-- Exercise objective --
Among the lines below, keep only those from the one containing "(2311.4, 7.5)], flags=0)" through the one containing "(2519, 274.5)], flags=0)", and reproduce them exactly.

-- Information supplied --
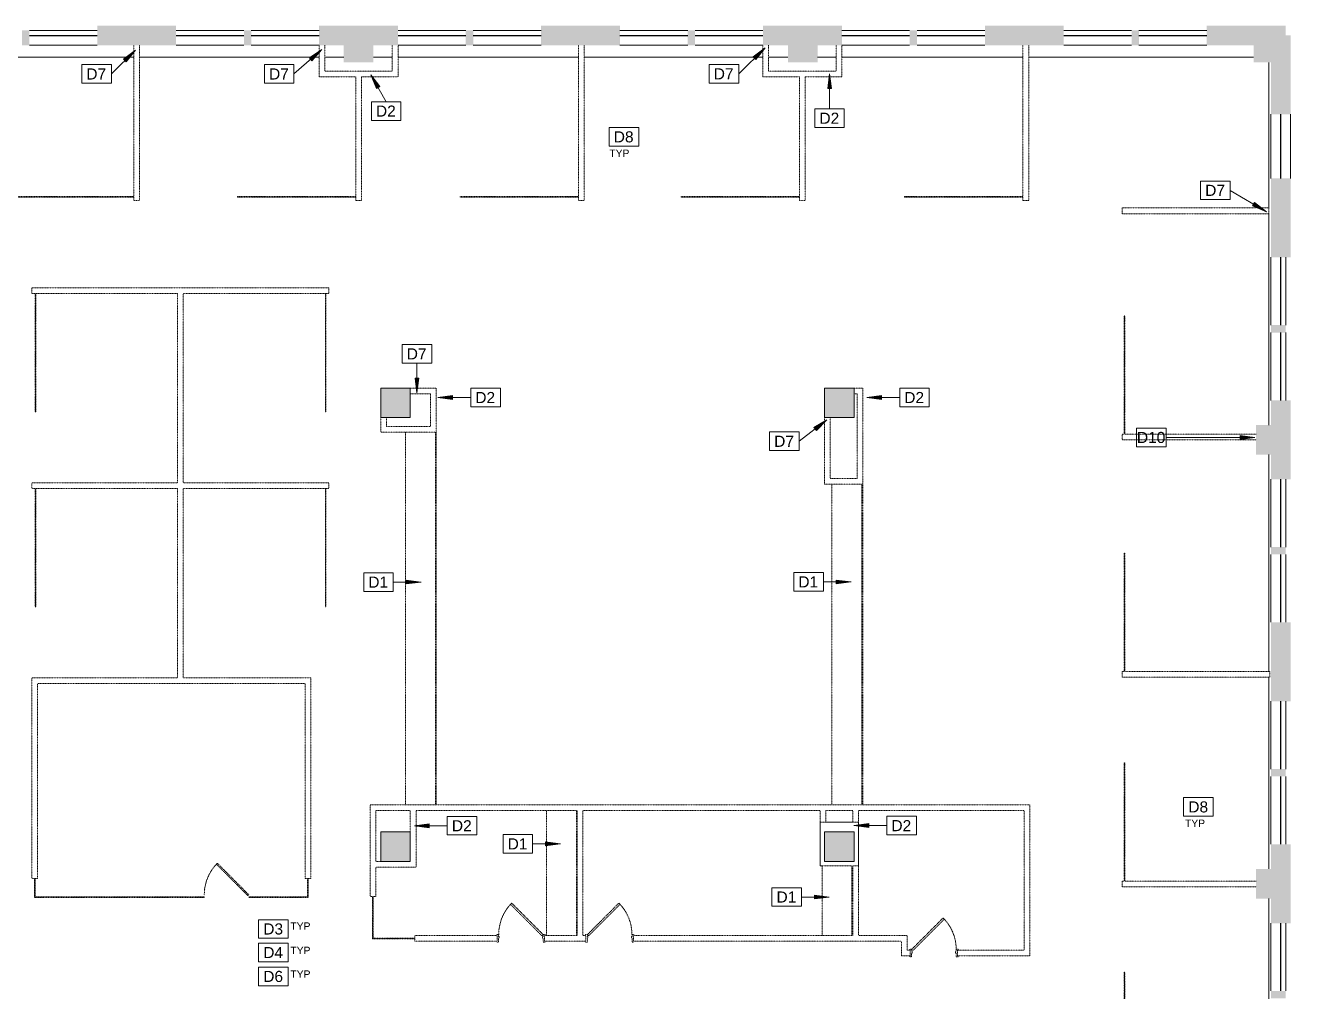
# Model space of a CAD drawing. Header units: inches. Extents: x 433 to 2535, y -5 to 2055.
# Drawn here: x 1501 to 2535, y 1268 to 2052 of the extents above; entities that cross this region are included whole.
import ezdxf

# ---------------------------------------------------------------- set-up
doc = ezdxf.new("R2010")
doc.units = ezdxf.units.IN
doc.header["$MEASUREMENT"] = 0
doc.linetypes.add('Demolished', pattern=[0.1875, 0.125, -0.0625])
for name, color, linetype, lineweight in [('_900 AVAILABLE SPACE', 7, 'Continuous', 9), ('A-ANNO-KEYN', 231, 'Continuous', 9), ('A-DETL-GENF', 92, 'Continuous', 9), ('A-DOOR', 31, 'Continuous', 13), ('A-WALL', 113, 'Continuous', 13), ('B-CL', 7, 'Continuous', 9), ('G-ANNO-TEXT', 231, 'Continuous', 9), ('I-WALL', 2, 'Continuous', 13), ('Q-CASE', 31, 'Demolished', 9), ('S-COLS', 52, 'Continuous', 13), ('Victor Bldg - 9th Floor_LINK_dwg', 8, 'Continuous', 9), ('WINDOWS', 7, 'Continuous', 9)]:
    doc.layers.add(name, color=color, linetype=linetype, lineweight=lineweight)
doc.styles.add('Arial', font='arial.ttf', dxfattribs={"height": 9})
doc.styles.add('Swis721 Lt BT', font='swissl.ttf', dxfattribs={"height": 6})

# ---------------------------------------------------------------- blocks, each defined once
blk = doc.blocks.new('Victor Bldg - 9th Floor_LINK_dwg-6972240-Level XX  DEMOLITION')
at = {"layer": '_900 AVAILABLE SPACE'}
for p, q in [((1443, 2025.8), (1588.7, 2025.8)), ((1593.3, 2025.8), (1739, 2025.8)), ((1743.6, 2025.8), (1759, 2025.8)), ((1783, 2025.8), (1798.4, 2025.8)), ((1803, 2025.8), (1949.4, 2025.8)), ((1954, 2025.8), (2099, 2025.8)), ((2103.6, 2025.8), (2119.3, 2025.8)), ((2143.3, 2025.8), (2158.4, 2025.8)), ((2163, 2025.8), (2309.9, 2025.8)), ((2314.6, 2025.8), (2497, 2025.8)), ((2509.3, 2021.5), (2509.3, 1903.5)), ((2509.3, 1898.9), (2509.3, 1727.5)), ((2509.3, 1703.5), (2509.3, 1527.5)), ((2509.3, 1522.9), (2509.3, 1367.5)), ((2509.3, 1343.5), (2509.3, 1238))]:
    blk.add_line(p, q, dxfattribs=at)
at = {"layer": 'B-CL'}
for p, q in [((2145.5, 1405.5), (2145.5, 1370)), ((2171.9, 1405.5), (2150.1, 1405.5)), ((2176.5, 1370), (2176.5, 1405.5)), ((2145.5, 1370), (2146.9, 1370))]:
    blk.add_line(p, q, dxfattribs=at)
at = {"layer": 'WINDOWS'}
for p, q in [((1559, 2047.5), (1504, 2047.5)), ((1559, 2043.5), (1504, 2043.5)), ((1559, 2043.2), (1504, 2043.2)), ((1678, 2047.5), (1623, 2047.5)), ((1678, 2043.5), (1623, 2043.5)), ((1678, 2043.2), (1623, 2043.2)), ((1739, 2047.5), (1684, 2047.5)), ((1739, 2043.5), (1684, 2043.5)), ((1739, 2043.2), (1684, 2043.2)), ((1858, 2047.5), (1803, 2047.5)), ((1858, 2043.5), (1803, 2043.5)), ((1858, 2043.2), (1803, 2043.2)), ((1919, 2047.5), (1864, 2047.5)), ((1919, 2043.5), (1864, 2043.5)), ((1919, 2043.2), (1864, 2043.2)), ((2038, 2047.5), (1983, 2047.5)), ((2038, 2043.5), (1983, 2043.5)), ((2038, 2043.2), (1983, 2043.2)), ((2099, 2047.5), (2044, 2047.5)), ((2099, 2043.5), (2044, 2043.5)), ((2099, 2043.2), (2044, 2043.2)), ((2218, 2047.5), (2163, 2047.5)), ((2218, 2043.5), (2163, 2043.5)), ((2218, 2043.2), (2163, 2043.2)), ((2279, 2047.5), (2224, 2047.5)), ((2279, 2043.5), (2224, 2043.5)), ((2279, 2043.2), (2224, 2043.2)), ((2398, 2047.5), (2343, 2047.5)), ((2398, 2043.5), (2343, 2043.5)), ((2398, 2043.2), (2343, 2043.2)), ((2459, 2047.5), (2404, 2047.5)), ((2459, 2043.5), (2404, 2043.5)), ((2459, 2043.2), (2404, 2043.2)), ((1559, 2035.5), (1504, 2035.5)), ((1678, 2035.5), (1623, 2035.5)), ((1739, 2035.5), (1684, 2035.5)), ((1858, 2035.5), (1803, 2035.5)), ((1919, 2035.5), (1864, 2035.5)), ((2038, 2035.5), (1983, 2035.5)), ((2099, 2035.5), (2044, 2035.5)), ((2218, 2035.5), (2163, 2035.5)), ((2279, 2035.5), (2224, 2035.5)), ((2398, 2035.5), (2343, 2035.5)), ((2459, 2035.5), (2404, 2035.5)), ((2511, 1979.5), (2511, 1927.5)), ((2518.8, 1979.5), (2518.8, 1927.5)), ((2519, 1979.5), (2519, 1927.5)), ((2527, 1979.5), (2527, 1927.5)), ((2511, 1808.5), (2511, 1863.5)), ((2518.8, 1808.5), (2518.8, 1863.5)), ((2519, 1808.5), (2519, 1863.5)), ((2523, 1808.5), (2523, 1863.5)), ((2511, 1747.5), (2511, 1802.5)), ((2518.8, 1747.5), (2518.8, 1802.5)), ((2519, 1747.5), (2519, 1802.5)), ((2523, 1747.5), (2523, 1802.5)), ((2511, 1628.5), (2511, 1683.5)), ((2518.8, 1628.5), (2518.8, 1683.5)), ((2519, 1628.5), (2519, 1683.5)), ((2523, 1628.5), (2523, 1683.5)), ((2511, 1567.5), (2511, 1622.5)), ((2518.8, 1567.5), (2518.8, 1622.5)), ((2519, 1567.5), (2519, 1622.5)), ((2523, 1567.5), (2523, 1622.5)), ((2511, 1448.5), (2511, 1503.5)), ((2518.8, 1448.5), (2518.8, 1503.5)), ((2519, 1448.5), (2519, 1503.5)), ((2523, 1448.5), (2523, 1503.5)), ((2511, 1387.5), (2511, 1442.5)), ((2518.8, 1387.5), (2518.8, 1442.5)), ((2519, 1387.5), (2519, 1442.5)), ((2523, 1387.5), (2523, 1442.5)), ((2511, 1268.5), (2511, 1323.5)), ((2518.8, 1268.5), (2518.8, 1323.5)), ((2519, 1268.5), (2519, 1323.5)), ((2523, 1268.5), (2523, 1323.5))]:
    blk.add_line(p, q, dxfattribs=at)
blk = doc.blocks.new('Concrete-Rectangular-Column - 24 x 24-6985472-Level XX  DEMOLITION')
at = {"layer": 'S-COLS', "lineweight": 9}
blk.add_hatch(color=7, dxfattribs=at).paths.add_polyline_path([(12, -12), (12, 12), (-12, 12), (-12, -12), (7.4, -12)], flags=0)
at = {"layer": 'S-COLS', "color": 8, "lineweight": 20}
for p, q in [((12, 12), (-12, 12)), ((-12, 12), (-12, -12)), ((12, -12), (12, 12)), ((-12, -12), (12, -12))]:
    blk.add_line(p, q, dxfattribs=at)
blk = doc.blocks.new('Door - Single - Solid Door-7687678-Level XX  DEMOLITION')
at = {"layer": 'A-DOOR', "color": 10, "linetype": 'Demolished', "lineweight": 20}
for p, q in [((-14, 3.2), (11.4, 28.6)), ((12.4, 27.6), (-13, 2.2)), ((11.4, 28.6), (12.4, 27.6)), ((-15.6, 3.2), (-15.6, 2.4)), ((-14.1, 3.2), (-15.6, 3.2)), ((-14.1, 1.7), (-14.1, 3.2)), ((-13.6, 1.7), (-14.1, 1.7)), ((-14.1, -3), (-14.1, 0.2)), ((-14.1, 0.2), (-13.6, 0.2)), ((-13, 2.2), (-14, 3.2)), ((-13.6, 0.2), (-13.6, 1.7)), ((22.1, 1.7), (21.6, 1.7)), ((21.6, 1.7), (21.6, 0.2)), ((21.6, 0.2), (22.1, 0.2)), ((23.6, 3.2), (22.1, 3.2)), ((22.1, 3.2), (22.1, 1.7)), ((22.1, 0.2), (22.1, -3)), ((23.6, 2.4), (23.6, 3.2)), ((-15.6, -2.2), (-15.6, -3)), ((-15.6, -3), (-14.1, -3)), ((22.1, -3), (23.6, -3)), ((23.6, -3), (23.6, -2.2))]:
    blk.add_line(p, q, dxfattribs=at)
at = {"layer": 'A-DOOR', "color": 7, "linetype": 'Demolished', "lineweight": 9}
blk.add_arc((-14, 3.2), 36, 359.5, 45, dxfattribs=at)
blk = doc.blocks.new('Door - Single - Solid Door-V4-Level XX  DEMOLITION')
at = {"layer": 'A-DOOR', "color": 10, "linetype": 'Demolished', "lineweight": 20}
for p, q in [((-15.6, 3), (-14.1, 3)), ((-15.6, 2.2), (-15.6, 3)), ((-14.1, 3), (-14.1, -0.2)), ((22.1, 3), (23.6, 3)), ((22.1, -0.2), (22.1, 3)), ((23.6, 3), (23.6, 2.2)), ((-15.6, -3.2), (-15.6, -2.4)), ((-14.1, -3.2), (-15.6, -3.2)), ((-14.1, -0.2), (-13.6, -0.2)), ((-14.1, -1.7), (-14.1, -3.2)), ((-13.6, -1.7), (-14.1, -1.7)), ((-13, -2.2), (-14, -3.2)), ((-14, -3.2), (11.4, -28.6)), ((-13.6, -0.2), (-13.6, -1.7)), ((12.4, -27.6), (-13, -2.2)), ((21.6, -0.2), (22.1, -0.2)), ((21.6, -1.7), (21.6, -0.2)), ((22.1, -1.7), (21.6, -1.7)), ((22.1, -3.2), (22.1, -1.7)), ((23.6, -3.2), (22.1, -3.2)), ((23.6, -2.4), (23.6, -3.2)), ((11.4, -28.6), (12.4, -27.6))]:
    blk.add_line(p, q, dxfattribs=at)
at = {"layer": 'A-DOOR', "color": 7, "linetype": 'Demolished', "lineweight": 9}
blk.add_arc((-14, -3.2), 36, 315, 0.5, dxfattribs=at)
blk = doc.blocks.new('C-Counter Top - ADJ HEIGHT-7704305-Level XX  DEMOLITION')
at = {"layer": 'Q-CASE', "color": 7}
for p, q in [((-47.3, -0.7), (54.1, -0.7)), ((-47.3, -25), (54.1, -25))]:
    blk.add_line(p, q, dxfattribs=at)
blk = doc.blocks.new('C-Counter Top - ADJ HEIGHT-7704607-Level XX  DEMOLITION')
at = {"layer": 'Q-CASE', "color": 7}
for p, q in [((-47.3, 0), (-47.3, -0.8)), ((-47.3, -0.8), (9.2, -0.8)), ((-47.3, -0.8), (-47.3, -25)), ((-47.3, -25), (9.2, -25))]:
    blk.add_line(p, q, dxfattribs=at)
blk = doc.blocks.new('Door - Glass Single - Full Rail - Long Handle-7706372-Level XX  DEMOLITION')
at = {"layer": 'A-DOOR', "color": 10, "linetype": 'Demolished', "lineweight": 20}
for p, q in [((-7.5, 27.5), (-8.2, 26.7)), ((-8.2, 26.7), (17.3, 1.3)), ((18, 2), (-7.5, 27.5)), ((17.3, 1.3), (18, 2))]:
    blk.add_line(p, q, dxfattribs=at)
at = {"layer": 'A-DOOR', "color": 7, "linetype": 'Demolished', "lineweight": 9}
blk.add_arc((18, 2), 36, 135, 180.5, dxfattribs=at)
blk = doc.blocks.new('C-Counter Top - ADJ HEIGHT-7709080-Level XX  DEMOLITION')
at = {"layer": 'Q-CASE', "color": 7}
for p, q in [((212.7, 0), (-47.3, 0)), ((-47.3, -0.7), (212.7, -0.7)), ((-47.3, -25), (212.7, -25))]:
    blk.add_line(p, q, dxfattribs=at)
blk = doc.blocks.new('C-Counter Top - ADJ HEIGHT-7711264-Level XX  DEMOLITION')
at = {"layer": 'Q-CASE', "color": 7}
for p, q in [((255, 0), (-47.3, 0)), ((-47.3, -0.7), (255, -0.7)), ((-47.3, -25), (255, -25))]:
    blk.add_line(p, q, dxfattribs=at)
blk = doc.blocks.new('Keynote Tag - Keynote Number - Boxed-135510-Level XX  DEMOLITION')
at = {"layer": 'A-ANNO-KEYN'}
for p, q in [((-0.125, -0.079), (-0.125, 0.078)), ((-0.125, 0.078), (0.125, 0.078)), ((0.125, 0.078), (0.125, -0.079)), ((-0.125, -0.079), (0.125, -0.079))]:
    blk.add_line(p, q, dxfattribs=at)

msp = doc.modelspace()

# ---------------------------------------------------------------- hatches: boundary and pattern name
at = {"layer": 'A-ANNO-KEYN'}
for points in [[(1590.1, 2031.5), (1580.4, 2024.2), (1582.6, 2022)], [(1741.1, 2032), (1731.1, 2025.3), (1733.2, 2022.9)], [(2100.7, 2033.5), (2091.1, 2026.2), (2093.3, 2023.9)], [(1780.9, 2011.6), (1785.5, 2000.4), (1788.2, 2001.9)], [(2153, 2012.3), (2151.5, 2000.3), (2154.6, 2000.3)], [(2507.4, 1900.5), (2497.8, 1907.9), (2496.2, 1905.2)], [(1818.4, 1753.5), (1820, 1765.5), (1816.8, 1765.5)], [(1835.3, 1749.8), (1847.3, 1748.3), (1847.3, 1751.4)], [(2183.2, 1749.8), (2195.2, 1748.2), (2195.2, 1751.4)], [(2150.9, 1731.7), (2140.4, 1725.6), (2142.4, 1723.1)], [(2498, 1717.4), (2486, 1718.9), (2486, 1715.8)], [(1821.7, 1600.1), (1809.7, 1601.7), (1809.7, 1598.6)], [(2170.5, 1600.2), (2158.5, 1601.8), (2158.5, 1598.7)], [(1816.3, 1402.5), (1828.3, 1400.9), (1828.3, 1404.1)], [(2172.8, 1402.6), (2184.8, 1401), (2184.8, 1404.2)], [(1934.7, 1387.8), (1922.7, 1389.4), (1922.7, 1386.3)], [(2152.8, 1344.7), (2140.8, 1346.3), (2140.8, 1343.2)]]:
    msp.add_hatch(color=256, dxfattribs=at).paths.add_polyline_path(points, flags=0)
at = {"layer": 'A-DETL-GENF'}
h = msp.add_hatch(color=7, dxfattribs=at)
h.paths.add_polyline_path([(2423, 3.5), (2423, 19.5), (2363, 19.5), (2363, 3.5)], flags=0)
h.paths.add_polyline_path([(2535, 3.5), (2535, 63.5), (2519, 63.5), (2519, 33.5), (2505, 33.5), (2505, 19.5), (2475, 19.5), (2475, 3.5), (2505, 3.5)], flags=0)
h.paths.add_polyline_path([(2103, 3.5), (2103, 19.5), (2059, 19.5), (2059, 27.5), (1979, 27.5), (1979, 11.5), (2043, 11.5), (2043, 3.5), (2059, 3.5)], flags=0)
h.paths.add_polyline_path([(2155, 3.5), (2215, 3.5), (2215, 19.5), (2203, 19.5), (2203, 33.5), (2179, 33.5), (2179, 19.5), (2155, 19.5)], flags=0)
h.paths.add_polyline_path([(2261.3, 7.5), (2267.3, 7.5), (2267.3, 19.5), (2261.3, 19.5)], flags=0)
h.paths.add_polyline_path([(2316, 7.5), (2316.7, 7.5), (2316.7, 19.5), (2310.7, 19.5), (2310.7, 7.5), (2311.4, 7.5)], flags=0)
h.paths.add_polyline_path([(1497.8, 11.5), (1503, 11.5), (1503, 27), (1483, 27), (1483, 41.5), (1459, 41.5), (1459, 27), (1439, 27), (1439, 11.5), (1483, 11.5)], flags=0)
h.paths.add_polyline_path([(1323, 11.5), (1323, 27), (1259, 27), (1259, 11.5)], flags=0)
h.paths.add_polyline_path([(1843, 11.5), (1863, 11.5), (1863, 27.5), (1843, 27.5), (1843, 41.5), (1819, 41.5), (1819, 27.5), (1799, 27.5), (1799, 11.5), (1819, 11.5)], flags=0)
h.paths.add_polyline_path([(1662.1, 11.5), (1683, 11.5), (1683, 27.5), (1619, 27.5), (1619, 11.5), (1657.5, 11.5)], flags=0)
h.paths.add_polyline_path([(1924, 15.5), (1924, 27.5), (1918, 27.5), (1918, 15.5)], flags=0)
h.paths.add_polyline_path([(1378, 15.5), (1384, 15.5), (1384, 27.5), (1378, 27.5)], flags=0)
h.paths.add_polyline_path([(1198, 15.5), (1204, 15.5), (1204, 27.5), (1198, 27.5)], flags=0)
h.paths.add_polyline_path([(1744, 15.5), (1744, 27.5), (1738, 27.5), (1738, 15.5)], flags=0)
h.paths.add_polyline_path([(1564, 15.5), (1564, 27), (1558, 27), (1558, 15.5)], flags=0)
h.paths.add_polyline_path([(2535, 115.5), (2535, 175.5), (2519, 175.5), (2519, 115.5)], flags=0)
h.paths.add_polyline_path([(2531, 220.5), (2531, 226.5), (2519, 226.5), (2519, 220.5)], flags=0)
h.paths.add_polyline_path([(2519, 268.5), (2531, 268.5), (2531, 274.5), (2519, 274.5)], flags=0)
h.paths.add_polyline_path([(527.2, 299.5), (543, 299.5), (543, 315.5), (505, 315.5), (505, 329.5), (491.7, 329.5), (491.7, 371.5), (475, 371.5), (475, 299.5), (505, 299.5)], flags=0)
h.paths.add_polyline_path([(903, 299.5), (903, 315.5), (871, 315.5), (871, 329.5), (847, 329.5), (847, 315.5), (839, 315.5), (839, 299.5), (871, 299.5)], flags=0)
h.paths.add_polyline_path([(659, 299.5), (723, 299.5), (723, 315.5), (659, 315.5), (659, 303.5)], flags=0)
h.paths.add_polyline_path([(778, 303.5), (784, 303.5), (784, 315.5), (778, 315.5)], flags=0)
h.paths.add_polyline_path([(961.3, 303.5), (964, 303.5), (964, 315.5), (958, 315.5), (958, 303.5), (959.8, 303.5)], flags=0)
h.paths.add_polyline_path([(598, 303.5), (604, 303.5), (604, 315.5), (598, 315.5)], flags=0)
h.paths.add_polyline_path([(2535, 319.5), (2535, 379.5), (2519, 379.5), (2519, 365.5), (2505, 365.5), (2505, 341.5), (2519, 341.5), (2519, 319.5)], flags=0)
h.paths.add_polyline_path([(475, 423.5), (491.7, 423.5), (491.7, 487.5), (475, 487.5)], flags=0)
h.paths.add_polyline_path([(2519, 431.5), (2535, 431.5), (2535, 491.5), (2527, 491.5), (2527, 551.5), (2511, 551.5), (2511, 475.5), (2519, 475.5), (2519, 436.1)], flags=0)
h.paths.add_polyline_path([(491.7, 542.5), (491.7, 548.5), (480, 548.5), (480, 542.5)], flags=0)
h.paths.add_polyline_path([(491.7, 603.5), (491.7, 635.5), (505, 635.5), (505, 659.5), (491.7, 659.5), (491.7, 667.5), (475, 667.5), (475, 603.5)], flags=0)
h.paths.add_polyline_path([(2511, 603.5), (2527, 603.5), (2527, 667.5), (2511, 667.5), (2511, 647.5), (2499, 647.5), (2499, 623.5), (2511, 623.5), (2511, 608.1)], flags=0)
h.paths.add_polyline_path([(2511, 722.5), (2523, 722.5), (2523, 728.5), (2511, 728.5)], flags=0)
h.paths.add_polyline_path([(491.7, 722.5), (491.7, 728.5), (479.7, 728.5), (479.7, 722.5)], flags=0)
h.paths.add_polyline_path([(491.7, 783.5), (491.7, 847.5), (475, 847.5), (475, 783.5)], flags=0)
h.paths.add_polyline_path([(2511, 783.5), (2527, 783.5), (2527, 847.5), (2511, 847.5), (2511, 788.1)], flags=0)
h.paths.add_polyline_path([(2523, 902.5), (2523, 908.5), (2511, 908.5), (2511, 902.5)], flags=0)
h.paths.add_polyline_path([(491.7, 902.5), (491.7, 908.5), (479.7, 908.5), (479.7, 902.5)], flags=0)
h.paths.add_polyline_path([(2511, 963.5), (2527, 963.5), (2527, 1027.5), (2511, 1027.5), (2511, 1007.5), (2499, 1007.5), (2499, 983.5), (2511, 983.5)], flags=0)
h.paths.add_polyline_path([(491.7, 963.5), (491.7, 995.5), (505, 995.5), (505, 1019.5), (491.7, 1019.5), (491.7, 1027.5), (475, 1027.5), (475, 963.5)], flags=0)
h.paths.add_polyline_path([(2523, 1082.5), (2523, 1088.5), (2511, 1088.5), (2511, 1082.5)], flags=0)
h.paths.add_polyline_path([(491.7, 1082.5), (491.7, 1088.5), (479.7, 1088.5), (479.7, 1082.5)], flags=0)
h.paths.add_polyline_path([(475, 1143.5), (491.7, 1143.5), (491.7, 1207.5), (475, 1207.5), (475, 1148.1)], flags=0)
h.paths.add_polyline_path([(2527, 1143.5), (2527, 1207.5), (2511, 1207.5), (2511, 1143.5)], flags=0)
h.paths.add_polyline_path([(2523, 1262.5), (2523, 1268.5), (2511, 1268.5), (2511, 1262.5)], flags=0)
h.paths.add_polyline_path([(479.7, 1262.5), (491.7, 1262.5), (491.7, 1268.5), (479.7, 1268.5)], flags=0)
h.paths.add_polyline_path([(491.7, 1323.5), (491.7, 1355.5), (505, 1355.5), (505, 1379.5), (491.7, 1379.5), (491.7, 1387.5), (475, 1387.5), (475, 1323.5)], flags=0)
h.paths.add_polyline_path([(2511, 1323.5), (2527, 1323.5), (2527, 1387.5), (2511, 1387.5), (2511, 1367.5), (2499, 1367.5), (2499, 1343.5), (2511, 1343.5)], flags=0)
h.paths.add_polyline_path([(2511, 1442.5), (2523, 1442.5), (2523, 1448.5), (2511, 1448.5)], flags=0)
h.paths.add_polyline_path([(479.7, 1442.5), (491.7, 1442.5), (491.7, 1448.5), (479.7, 1448.5)], flags=0)
h.paths.add_polyline_path([(2511, 1503.5), (2527, 1503.5), (2527, 1567.5), (2511, 1567.5), (2511, 1522.9)], flags=0)
h.paths.add_polyline_path([(475, 1503.5), (491.7, 1503.5), (491.7, 1567.5), (475, 1567.5), (475, 1540.8)], flags=0)
h.paths.add_polyline_path([(2523, 1622.5), (2523, 1628.5), (2511, 1628.5), (2511, 1622.5)], flags=0)
h.paths.add_polyline_path([(491.7, 1622.5), (491.7, 1628.5), (479.7, 1628.5), (479.7, 1622.5)], flags=0)
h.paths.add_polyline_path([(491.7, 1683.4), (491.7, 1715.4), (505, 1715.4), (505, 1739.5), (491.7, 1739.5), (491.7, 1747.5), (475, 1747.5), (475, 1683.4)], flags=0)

-- Output --
h.paths.add_polyline_path([(2316, 7.5), (2316.7, 7.5), (2316.7, 19.5), (2310.7, 19.5), (2310.7, 7.5), (2311.4, 7.5)], flags=0)
h.paths.add_polyline_path([(1497.8, 11.5), (1503, 11.5), (1503, 27), (1483, 27), (1483, 41.5), (1459, 41.5), (1459, 27), (1439, 27), (1439, 11.5), (1483, 11.5)], flags=0)
h.paths.add_polyline_path([(1323, 11.5), (1323, 27), (1259, 27), (1259, 11.5)], flags=0)
h.paths.add_polyline_path([(1843, 11.5), (1863, 11.5), (1863, 27.5), (1843, 27.5), (1843, 41.5), (1819, 41.5), (1819, 27.5), (1799, 27.5), (1799, 11.5), (1819, 11.5)], flags=0)
h.paths.add_polyline_path([(1662.1, 11.5), (1683, 11.5), (1683, 27.5), (1619, 27.5), (1619, 11.5), (1657.5, 11.5)], flags=0)
h.paths.add_polyline_path([(1924, 15.5), (1924, 27.5), (1918, 27.5), (1918, 15.5)], flags=0)
h.paths.add_polyline_path([(1378, 15.5), (1384, 15.5), (1384, 27.5), (1378, 27.5)], flags=0)
h.paths.add_polyline_path([(1198, 15.5), (1204, 15.5), (1204, 27.5), (1198, 27.5)], flags=0)
h.paths.add_polyline_path([(1744, 15.5), (1744, 27.5), (1738, 27.5), (1738, 15.5)], flags=0)
h.paths.add_polyline_path([(1564, 15.5), (1564, 27), (1558, 27), (1558, 15.5)], flags=0)
h.paths.add_polyline_path([(2535, 115.5), (2535, 175.5), (2519, 175.5), (2519, 115.5)], flags=0)
h.paths.add_polyline_path([(2531, 220.5), (2531, 226.5), (2519, 226.5), (2519, 220.5)], flags=0)
h.paths.add_polyline_path([(2519, 268.5), (2531, 268.5), (2531, 274.5), (2519, 274.5)], flags=0)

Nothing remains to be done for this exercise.